Task requirements
Take the data that follows and return it exactly.

(Items listed in a dataset)
───

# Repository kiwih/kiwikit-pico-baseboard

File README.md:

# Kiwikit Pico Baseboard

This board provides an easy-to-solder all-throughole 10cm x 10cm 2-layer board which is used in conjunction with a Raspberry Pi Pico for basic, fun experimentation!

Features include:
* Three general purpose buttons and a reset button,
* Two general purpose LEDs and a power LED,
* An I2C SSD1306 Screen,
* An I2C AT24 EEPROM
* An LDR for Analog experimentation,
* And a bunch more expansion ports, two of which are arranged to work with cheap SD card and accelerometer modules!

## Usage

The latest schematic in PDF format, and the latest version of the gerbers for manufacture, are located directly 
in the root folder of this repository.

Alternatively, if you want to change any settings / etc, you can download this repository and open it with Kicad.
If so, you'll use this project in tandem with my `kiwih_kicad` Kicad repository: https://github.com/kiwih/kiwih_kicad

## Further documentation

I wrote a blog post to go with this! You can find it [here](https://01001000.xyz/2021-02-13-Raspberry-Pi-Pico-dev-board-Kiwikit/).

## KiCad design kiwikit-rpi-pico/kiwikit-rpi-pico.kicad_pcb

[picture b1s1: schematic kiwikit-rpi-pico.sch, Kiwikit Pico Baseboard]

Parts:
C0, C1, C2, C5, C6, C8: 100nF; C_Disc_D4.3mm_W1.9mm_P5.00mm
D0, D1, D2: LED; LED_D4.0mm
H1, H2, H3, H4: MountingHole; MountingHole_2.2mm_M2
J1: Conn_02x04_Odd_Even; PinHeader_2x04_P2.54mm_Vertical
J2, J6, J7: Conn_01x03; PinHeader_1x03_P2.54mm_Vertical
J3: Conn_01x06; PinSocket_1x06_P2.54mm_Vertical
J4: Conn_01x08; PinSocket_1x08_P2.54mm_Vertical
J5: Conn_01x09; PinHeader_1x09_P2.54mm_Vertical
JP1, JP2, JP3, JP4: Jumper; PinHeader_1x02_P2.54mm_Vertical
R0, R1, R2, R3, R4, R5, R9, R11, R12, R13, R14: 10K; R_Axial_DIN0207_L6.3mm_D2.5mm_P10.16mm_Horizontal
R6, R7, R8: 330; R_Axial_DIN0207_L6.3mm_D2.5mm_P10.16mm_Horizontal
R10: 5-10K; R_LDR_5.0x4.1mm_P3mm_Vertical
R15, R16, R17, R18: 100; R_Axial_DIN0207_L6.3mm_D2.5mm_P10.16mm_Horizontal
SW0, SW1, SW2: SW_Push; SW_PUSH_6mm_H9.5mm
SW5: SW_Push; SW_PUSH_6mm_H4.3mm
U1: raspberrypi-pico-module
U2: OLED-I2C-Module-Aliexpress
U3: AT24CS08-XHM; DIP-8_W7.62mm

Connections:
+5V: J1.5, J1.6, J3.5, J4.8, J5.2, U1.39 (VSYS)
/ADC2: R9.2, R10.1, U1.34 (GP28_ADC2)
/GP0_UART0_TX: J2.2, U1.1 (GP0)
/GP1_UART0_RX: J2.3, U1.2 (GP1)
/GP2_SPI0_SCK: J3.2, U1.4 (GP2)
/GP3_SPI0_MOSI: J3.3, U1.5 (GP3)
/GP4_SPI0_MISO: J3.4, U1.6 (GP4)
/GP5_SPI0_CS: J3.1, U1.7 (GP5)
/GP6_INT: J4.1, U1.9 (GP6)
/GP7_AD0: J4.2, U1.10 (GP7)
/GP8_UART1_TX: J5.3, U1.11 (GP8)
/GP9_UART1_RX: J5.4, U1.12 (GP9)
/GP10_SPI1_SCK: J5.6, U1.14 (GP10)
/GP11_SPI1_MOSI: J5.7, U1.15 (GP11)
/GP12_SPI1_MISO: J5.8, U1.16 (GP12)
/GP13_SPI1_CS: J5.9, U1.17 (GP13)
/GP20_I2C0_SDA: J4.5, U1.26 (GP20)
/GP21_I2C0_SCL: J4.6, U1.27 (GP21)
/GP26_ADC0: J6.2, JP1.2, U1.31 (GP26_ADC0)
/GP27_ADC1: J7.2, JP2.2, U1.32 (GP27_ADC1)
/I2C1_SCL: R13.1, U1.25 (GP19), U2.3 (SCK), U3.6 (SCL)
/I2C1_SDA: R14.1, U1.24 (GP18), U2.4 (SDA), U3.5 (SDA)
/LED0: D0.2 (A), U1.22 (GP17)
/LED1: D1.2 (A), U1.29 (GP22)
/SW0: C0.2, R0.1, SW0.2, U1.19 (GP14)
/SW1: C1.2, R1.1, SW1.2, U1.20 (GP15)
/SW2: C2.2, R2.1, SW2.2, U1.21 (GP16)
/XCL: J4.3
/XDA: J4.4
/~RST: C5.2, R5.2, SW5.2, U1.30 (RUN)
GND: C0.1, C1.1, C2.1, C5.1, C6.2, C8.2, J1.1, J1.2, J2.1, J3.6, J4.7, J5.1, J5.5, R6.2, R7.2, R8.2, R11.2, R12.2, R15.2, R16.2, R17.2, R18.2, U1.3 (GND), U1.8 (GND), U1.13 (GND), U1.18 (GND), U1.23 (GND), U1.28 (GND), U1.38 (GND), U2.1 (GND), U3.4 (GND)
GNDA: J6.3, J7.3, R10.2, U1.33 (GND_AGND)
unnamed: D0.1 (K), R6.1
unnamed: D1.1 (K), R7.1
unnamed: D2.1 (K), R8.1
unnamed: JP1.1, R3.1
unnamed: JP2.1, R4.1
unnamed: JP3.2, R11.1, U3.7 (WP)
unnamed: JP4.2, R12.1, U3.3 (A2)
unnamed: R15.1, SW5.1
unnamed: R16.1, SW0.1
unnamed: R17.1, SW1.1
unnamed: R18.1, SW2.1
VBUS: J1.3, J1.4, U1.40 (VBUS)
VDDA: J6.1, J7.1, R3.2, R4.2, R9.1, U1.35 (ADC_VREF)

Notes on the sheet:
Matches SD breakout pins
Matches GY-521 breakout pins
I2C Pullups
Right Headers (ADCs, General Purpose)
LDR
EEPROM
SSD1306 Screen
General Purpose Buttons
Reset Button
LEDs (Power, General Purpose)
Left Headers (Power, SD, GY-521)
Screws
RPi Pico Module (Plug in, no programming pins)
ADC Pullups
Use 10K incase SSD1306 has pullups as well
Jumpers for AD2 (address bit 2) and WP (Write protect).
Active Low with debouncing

───

Solution to the problem
# Repository kiwih/kiwikit-pico-baseboard

File README.md:

# Kiwikit Pico Baseboard

This board provides an easy-to-solder all-throughole 10cm x 10cm 2-layer board which is used in conjunction with a Raspberry Pi Pico for basic, fun experimentation!

Features include:
* Three general purpose buttons and a reset button,
* Two general purpose LEDs and a power LED,
* An I2C SSD1306 Screen,
* An I2C AT24 EEPROM
* An LDR for Analog experimentation,
* And a bunch more expansion ports, two of which are arranged to work with cheap SD card and accelerometer modules!

## Usage

The latest schematic in PDF format, and the latest version of the gerbers for manufacture, are located directly 
in the root folder of this repository.

Alternatively, if you want to change any settings / etc, you can download this repository and open it with Kicad.
If so, you'll use this project in tandem with my `kiwih_kicad` Kicad repository: https://github.com/kiwih/kiwih_kicad

## Further documentation

I wrote a blog post to go with this! You can find it [here](https://01001000.xyz/2021-02-13-Raspberry-Pi-Pico-dev-board-Kiwikit/).

## KiCad design kiwikit-rpi-pico/kiwikit-rpi-pico.kicad_pcb

[picture b1s1: schematic kiwikit-rpi-pico.sch, Kiwikit Pico Baseboard]

Parts:
C0, C1, C2, C5, C6, C8: 100nF; C_Disc_D4.3mm_W1.9mm_P5.00mm
D0, D1, D2: LED; LED_D4.0mm
H1, H2, H3, H4: MountingHole; MountingHole_2.2mm_M2
J1: Conn_02x04_Odd_Even; PinHeader_2x04_P2.54mm_Vertical
J2, J6, J7: Conn_01x03; PinHeader_1x03_P2.54mm_Vertical
J3: Conn_01x06; PinSocket_1x06_P2.54mm_Vertical
J4: Conn_01x08; PinSocket_1x08_P2.54mm_Vertical
J5: Conn_01x09; PinHeader_1x09_P2.54mm_Vertical
JP1, JP2, JP3, JP4: Jumper; PinHeader_1x02_P2.54mm_Vertical
R0, R1, R2, R3, R4, R5, R9, R11, R12, R13, R14: 10K; R_Axial_DIN0207_L6.3mm_D2.5mm_P10.16mm_Horizontal
R6, R7, R8: 330; R_Axial_DIN0207_L6.3mm_D2.5mm_P10.16mm_Horizontal
R10: 5-10K; R_LDR_5.0x4.1mm_P3mm_Vertical
R15, R16, R17, R18: 100; R_Axial_DIN0207_L6.3mm_D2.5mm_P10.16mm_Horizontal
SW0, SW1, SW2: SW_Push; SW_PUSH_6mm_H9.5mm
SW5: SW_Push; SW_PUSH_6mm_H4.3mm
U1: raspberrypi-pico-module
U2: OLED-I2C-Module-Aliexpress
U3: AT24CS08-XHM; DIP-8_W7.62mm

Connections:
+5V: J1.5, J1.6, J3.5, J4.8, J5.2, U1.39 (VSYS)
/ADC2: R9.2, R10.1, U1.34 (GP28_ADC2)
/GP0_UART0_TX: J2.2, U1.1 (GP0)
/GP1_UART0_RX: J2.3, U1.2 (GP1)
/GP2_SPI0_SCK: J3.2, U1.4 (GP2)
/GP3_SPI0_MOSI: J3.3, U1.5 (GP3)
/GP4_SPI0_MISO: J3.4, U1.6 (GP4)
/GP5_SPI0_CS: J3.1, U1.7 (GP5)
/GP6_INT: J4.1, U1.9 (GP6)
/GP7_AD0: J4.2, U1.10 (GP7)
/GP8_UART1_TX: J5.3, U1.11 (GP8)
/GP9_UART1_RX: J5.4, U1.12 (GP9)
/GP10_SPI1_SCK: J5.6, U1.14 (GP10)
/GP11_SPI1_MOSI: J5.7, U1.15 (GP11)
/GP12_SPI1_MISO: J5.8, U1.16 (GP12)
/GP13_SPI1_CS: J5.9, U1.17 (GP13)
/GP20_I2C0_SDA: J4.5, U1.26 (GP20)
/GP21_I2C0_SCL: J4.6, U1.27 (GP21)
/GP26_ADC0: J6.2, JP1.2, U1.31 (GP26_ADC0)
/GP27_ADC1: J7.2, JP2.2, U1.32 (GP27_ADC1)
/I2C1_SCL: R13.1, U1.25 (GP19), U2.3 (SCK), U3.6 (SCL)
/I2C1_SDA: R14.1, U1.24 (GP18), U2.4 (SDA), U3.5 (SDA)
/LED0: D0.2 (A), U1.22 (GP17)
/LED1: D1.2 (A), U1.29 (GP22)
/SW0: C0.2, R0.1, SW0.2, U1.19 (GP14)
/SW1: C1.2, R1.1, SW1.2, U1.20 (GP15)
/SW2: C2.2, R2.1, SW2.2, U1.21 (GP16)
/XCL: J4.3
/XDA: J4.4
/~RST: C5.2, R5.2, SW5.2, U1.30 (RUN)
GND: C0.1, C1.1, C2.1, C5.1, C6.2, C8.2, J1.1, J1.2, J2.1, J3.6, J4.7, J5.1, J5.5, R6.2, R7.2, R8.2, R11.2, R12.2, R15.2, R16.2, R17.2, R18.2, U1.3 (GND), U1.8 (GND), U1.13 (GND), U1.18 (GND), U1.23 (GND), U1.28 (GND), U1.38 (GND), U2.1 (GND), U3.4 (GND)
GNDA: J6.3, J7.3, R10.2, U1.33 (GND_AGND)
unnamed: D0.1 (K), R6.1
unnamed: D1.1 (K), R7.1
unnamed: D2.1 (K), R8.1
unnamed: JP1.1, R3.1
unnamed: JP2.1, R4.1
unnamed: JP3.2, R11.1, U3.7 (WP)
unnamed: JP4.2, R12.1, U3.3 (A2)
unnamed: R15.1, SW5.1
unnamed: R16.1, SW0.1
unnamed: R17.1, SW1.1
unnamed: R18.1, SW2.1
VBUS: J1.3, J1.4, U1.40 (VBUS)
VDDA: J6.1, J7.1, R3.2, R4.2, R9.1, U1.35 (ADC_VREF)

Notes on the sheet:
Matches SD breakout pins
Matches GY-521 breakout pins
I2C Pullups
Right Headers (ADCs, General Purpose)
LDR
EEPROM
SSD1306 Screen
General Purpose Buttons
Reset Button
LEDs (Power, General Purpose)
Left Headers (Power, SD, GY-521)
Screws
RPi Pico Module (Plug in, no programming pins)
ADC Pullups
Use 10K incase SSD1306 has pullups as well
Jumpers for AD2 (address bit 2) and WP (Write protect).
Active Low with debouncing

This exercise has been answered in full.